For the entries below, print exactly the lines between the line holding "Dynamics of TF/2(T_O)" and the line holding "m_dot_R_Successor/1 -> Dynamics", inclusive, and nothing else.

[[ Dataset content, beginning ]]

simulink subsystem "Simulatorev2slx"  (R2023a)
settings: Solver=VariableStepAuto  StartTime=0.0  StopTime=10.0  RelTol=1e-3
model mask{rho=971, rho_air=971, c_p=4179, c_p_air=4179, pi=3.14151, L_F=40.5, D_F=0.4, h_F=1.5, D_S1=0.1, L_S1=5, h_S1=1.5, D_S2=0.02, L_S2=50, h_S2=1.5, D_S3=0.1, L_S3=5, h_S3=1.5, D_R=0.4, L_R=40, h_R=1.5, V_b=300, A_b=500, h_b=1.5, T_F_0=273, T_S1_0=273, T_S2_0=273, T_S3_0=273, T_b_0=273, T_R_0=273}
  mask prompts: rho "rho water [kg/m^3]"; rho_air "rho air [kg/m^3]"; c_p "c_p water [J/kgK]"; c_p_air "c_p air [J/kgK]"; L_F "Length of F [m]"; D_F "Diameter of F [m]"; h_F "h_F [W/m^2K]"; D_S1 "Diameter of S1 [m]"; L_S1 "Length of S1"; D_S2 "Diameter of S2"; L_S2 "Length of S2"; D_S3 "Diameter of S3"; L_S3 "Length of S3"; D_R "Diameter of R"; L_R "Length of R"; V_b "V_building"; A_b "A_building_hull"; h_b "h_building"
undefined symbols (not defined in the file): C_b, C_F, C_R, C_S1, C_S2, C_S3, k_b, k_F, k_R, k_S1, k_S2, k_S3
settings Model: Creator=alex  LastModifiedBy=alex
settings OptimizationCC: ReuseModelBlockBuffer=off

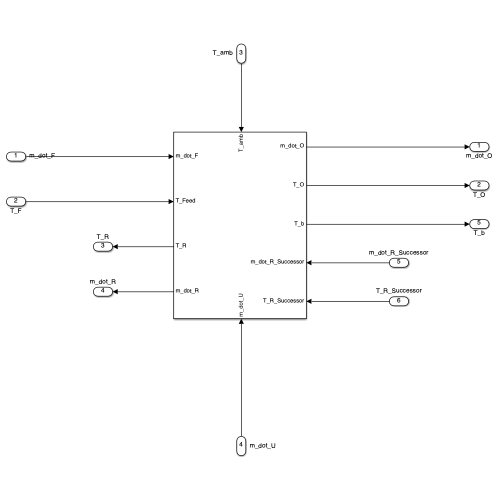
[thumbnail: Simulink's stored preview of the top-level diagram]
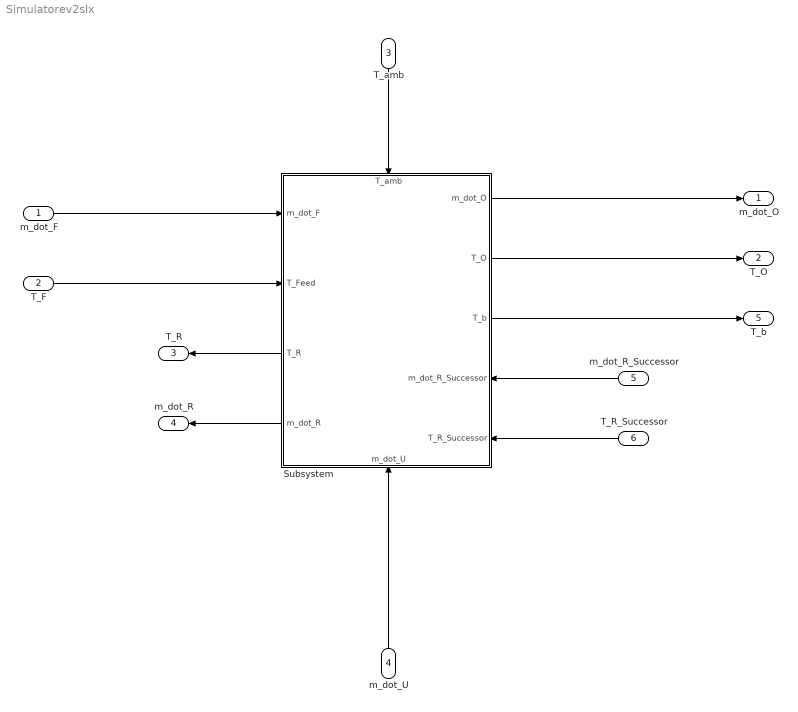
== system Simulatorev2slx ==
  m_dot_F : Inport
  T_F : Inport  Port=2
  T_amb : Inport  Port=3
  m_dot_U : Inport  Port=4
  m_dot_R_Successor : Inport  Port=5
  T_R_Successor : Inport  Port=6
  Subsystem : Subsystem
      settings: PortSchema="{\"entries\":[{\"content\":{\"sides\":[{\"content\":{\"connectorIds\":[\"In1\",\"In2\",\"Out4\",\"Out5\"]},\"type\":\"ConnectorPlacement.EquallySpacedRectSide\",\"uuid\":\"02066a73-e12c-4efb-ac1f-3567aea7908b\"},{\"content\":{\"connectorIds\":[\"Out1\",\"Out2\",\"Out3\",\"In5\",\"In6\"],\"side\":\"RIGHT\"},\"type\":\"ConnectorPlacement.EquallySpacedRectSide\",\"uuid\":\"ccd81727-46b8-449c-bb2a-a5652a5d9084\"},{\"content\":{\"connectorIds\":[\"In3\"],\"side\":\"TOP\"},\"type\":\"ConnectorPlacement.EquallySpacedRectSide\",\"uuid\":\"9b852ef9-fe85-43d4-afda-854933deff9c\"},{\"content\":{\"connectorIds\":[\"In4\"],\"side\":\"BOTTOM\"},\"type\":\"ConnectorPlacement.EquallySpacedRectSide\",\"uuid\":\"c5c6073a-07c2-439b-a52e-85716bb20a3c\"}]},\"type\":\"ConnectorPlacement.EquallySpacedConnector\",\"uuid\":\"28865625-48f4-4f1f-9e76-2e1450716591\"}],\"packageUris\":[\"http://schema.mathworks.com/mf0/Connector/R2020b\"],\"version\":\"1.0\"}"
  m_dot_O : Outport
  T_O : Outport  Port=2
  T_R : Outport  Port=3
  m_dot_R : Outport  Port=4
  T_b : Outport  Port=5
  wires:
  m_dot_F/1 -> Subsystem/1(m_dot_F)
  T_F/1 -> Subsystem/2(T_Feed)
  T_amb/1 -> Subsystem/3(T_amb)
  m_dot_U/1 -> Subsystem/4(m_dot_U)
  Subsystem/1(m_dot_O) -> m_dot_O/1
  Subsystem/2(T_O) -> T_O/1
  m_dot_R_Successor/1 -> Subsystem/5(m_dot_R_Successor)
  T_R_Successor/1 -> Subsystem/6(T_R_Successor)
  Subsystem/4(T_R) -> T_R/1
  Subsystem/5(m_dot_R) -> m_dot_R/1
  Subsystem/3(T_b) -> T_b/1

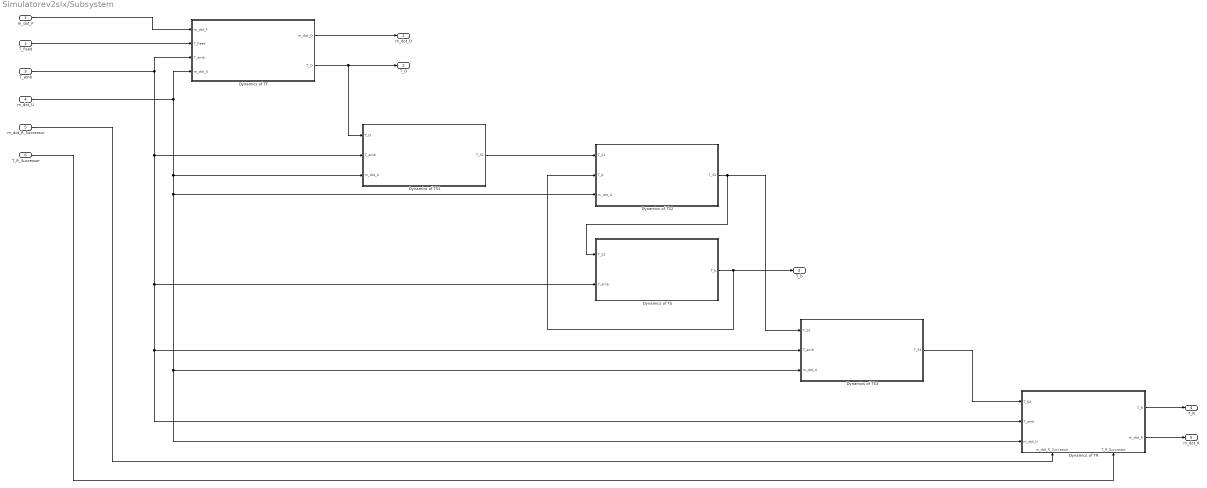
== system Simulatorev2slx/Subsystem ==
  m_dot_F : Inport
  T_Feed : Inport  Port=2
  T_amb : Inport  Port=3
  m_dot_U : Inport  Port=4
  m_dot_R_Successor : Inport  Port=5
  T_R_Successor : Inport  Port=6
  Dynamics of TF : Subsystem
  Dynamics of TR : Subsystem
      settings: PortSchema="{\"entries\":[{\"content\":{\"sides\":[{\"content\":{\"connectorIds\":[\"In1\",\"In2\",\"In3\"]},\"type\":\"ConnectorPlacement.EquallySpacedRectSide\",\"uuid\":\"1d5cfb0c-3444-494a-8f15-ea1ce9aa89e1\"},{\"content\":{\"connectorIds\":[\"Out1\",\"Out2\"],\"side\":\"RIGHT\"},\"type\":\"ConnectorPlacement.EquallySpacedRectSide\",\"uuid\":\"a241c28b-af63-4b6d-8a8e-9e454c2f304f\"},{\"content\":{\"side\":\"TOP\"},\"type\":\"ConnectorPlacement.EquallySpacedRectSide\",\"uuid\":\"7a4239f2-e3be-4ccc-ba79-85038cac89dd\"},{\"content\":{\"connectorIds\":[\"In4\",\"In5\"],\"side\":\"BOTTOM\"},\"type\":\"ConnectorPlacement.EquallySpacedRectSide\",\"uuid\":\"03da5dbc-12e1-4117-b594-812fe8cbcf6d\"}]},\"type\":\"ConnectorPlacement.EquallySpacedConnector\",\"uuid\":\"6bf2d3a5-b163-467e-ac11-ed480dce725b\"}],\"packageUris\":[\"http://schema.mathworks.com/mf0/Connector/R2020b\"],\"version\":\"1.0\"}"
  Dynamics of TS1 : Subsystem
  Dynamics of TS2 : Subsystem
  Dynamics of TS3 : Subsystem
  Dynamics of Tb : Subsystem
  m_dot_O : Outport
  T_O : Outport  Port=2
  T_b : Outport  Port=3
  T_R : Outport  Port=4
  m_dot_R : Outport  Port=5
  wires:
  m_dot_F/1 -> Dynamics of TF/1(m_dot_F)
  T_Feed/1 -> Dynamics of TF/2(T_Feed)
  T_amb/1 -> Dynamics of Tb/2(T_amb), Dynamics of TS3/2(T_amb), Dynamics of TR/2(T_amb), Dynamics of TS1/2(T_amb), Dynamics of TF/3(T_amb)
  m_dot_U/1 -> Dynamics of TR/3(m_dot_U), Dynamics of TS3/3(m_dot_U), Dynamics of TS2/3(m_dot_U), Dynamics of TS1/3(m_dot_U), Dynamics of TF/4(m_dot_U)
  Dynamics of TF/1(m_dot_O) -> m_dot_O/1
  Dynamics of TF/2(T_O) -> Dynamics of TS1/1(T_O), T_O/1
  Dynamics of TS1/1(T_S1) -> Dynamics of TS2/1(T_S1)
  Dynamics of TS2/1(T_S2) -> Dynamics of TS3/1(T_S2), Dynamics of Tb/1(T_S2)
  Dynamics of Tb/1(T_b) -> T_b/1, Dynamics of TS2/2(T_b)
  m_dot_R_Successor/1 -> Dynamics of TR/4(m_dot_R_Successor)
  T_R_Successor/1 -> Dynamics of TR/5(T_R_Successor)
  Dynamics of TS3/1(T_S3) -> Dynamics of TR/1(T_S3)
  Dynamics of TR/1(T_R) -> T_R/1
  Dynamics of TR/2(m_dot_R) -> m_dot_R/1

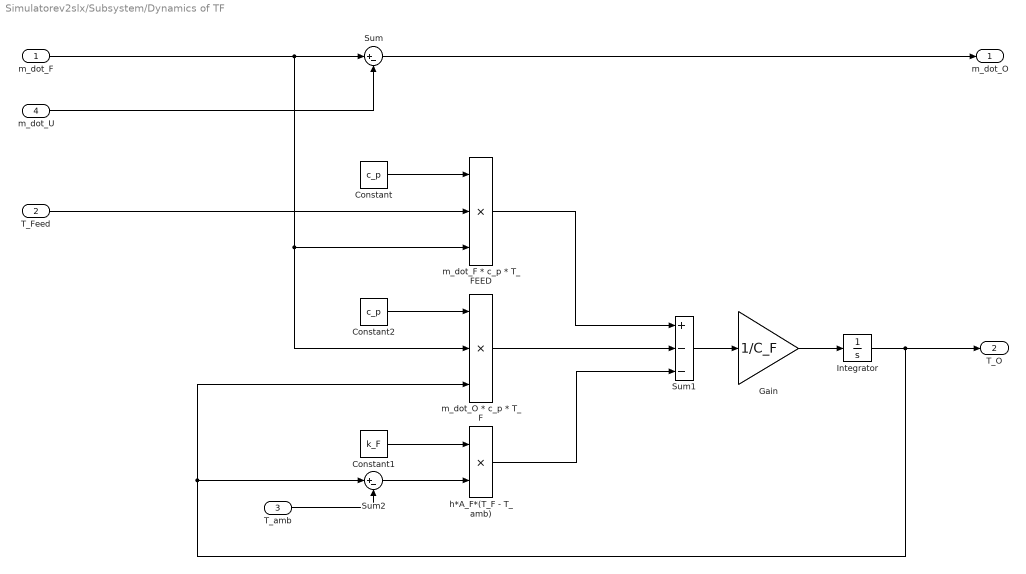
== system Simulatorev2slx/Subsystem/Dynamics of TF ==
  m_dot_F : Inport
  T_Feed : Inport  Port=2
  T_amb : Inport  Port=3
  m_dot_U : Inport  Port=4
  Constant : Constant  Value=c_p
  Constant1 : Constant  Value=k_F
  Constant2 : Constant  Value=c_p
  Gain : Gain  Gain=1/C_F
  Integrator : Integrator  InitialCondition=T_F_0
  Sum : Sum  Inputs=|+-
  Sum1 : Sum  Inputs=+--
  Sum2 : Sum  Inputs=|+-
  h*A_F*(T_F - T_amb) : Product
  m_dot_F * c_p * T_FEED : Product  Inputs=3
  m_dot_O * c_p * T_F : Product  Inputs=3
  m_dot_O : Outport
  T_O : Outport  Port=2
  wires:
  Constant2/1 -> m_dot_O * c_p * T_F/1
  m_dot_O * c_p * T_F/1 -> Sum1/2
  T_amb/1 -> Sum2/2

[[ Dataset content, end ]]

◆ **Result**:
  Dynamics of TF/2(T_O) -> Dynamics of TS1/1(T_O), T_O/1
  Dynamics of TS1/1(T_S1) -> Dynamics of TS2/1(T_S1)
  Dynamics of TS2/1(T_S2) -> Dynamics of TS3/1(T_S2), Dynamics of Tb/1(T_S2)
  Dynamics of Tb/1(T_b) -> T_b/1, Dynamics of TS2/2(T_b)
  m_dot_R_Successor/1 -> Dynamics of TR/4(m_dot_R_Successor)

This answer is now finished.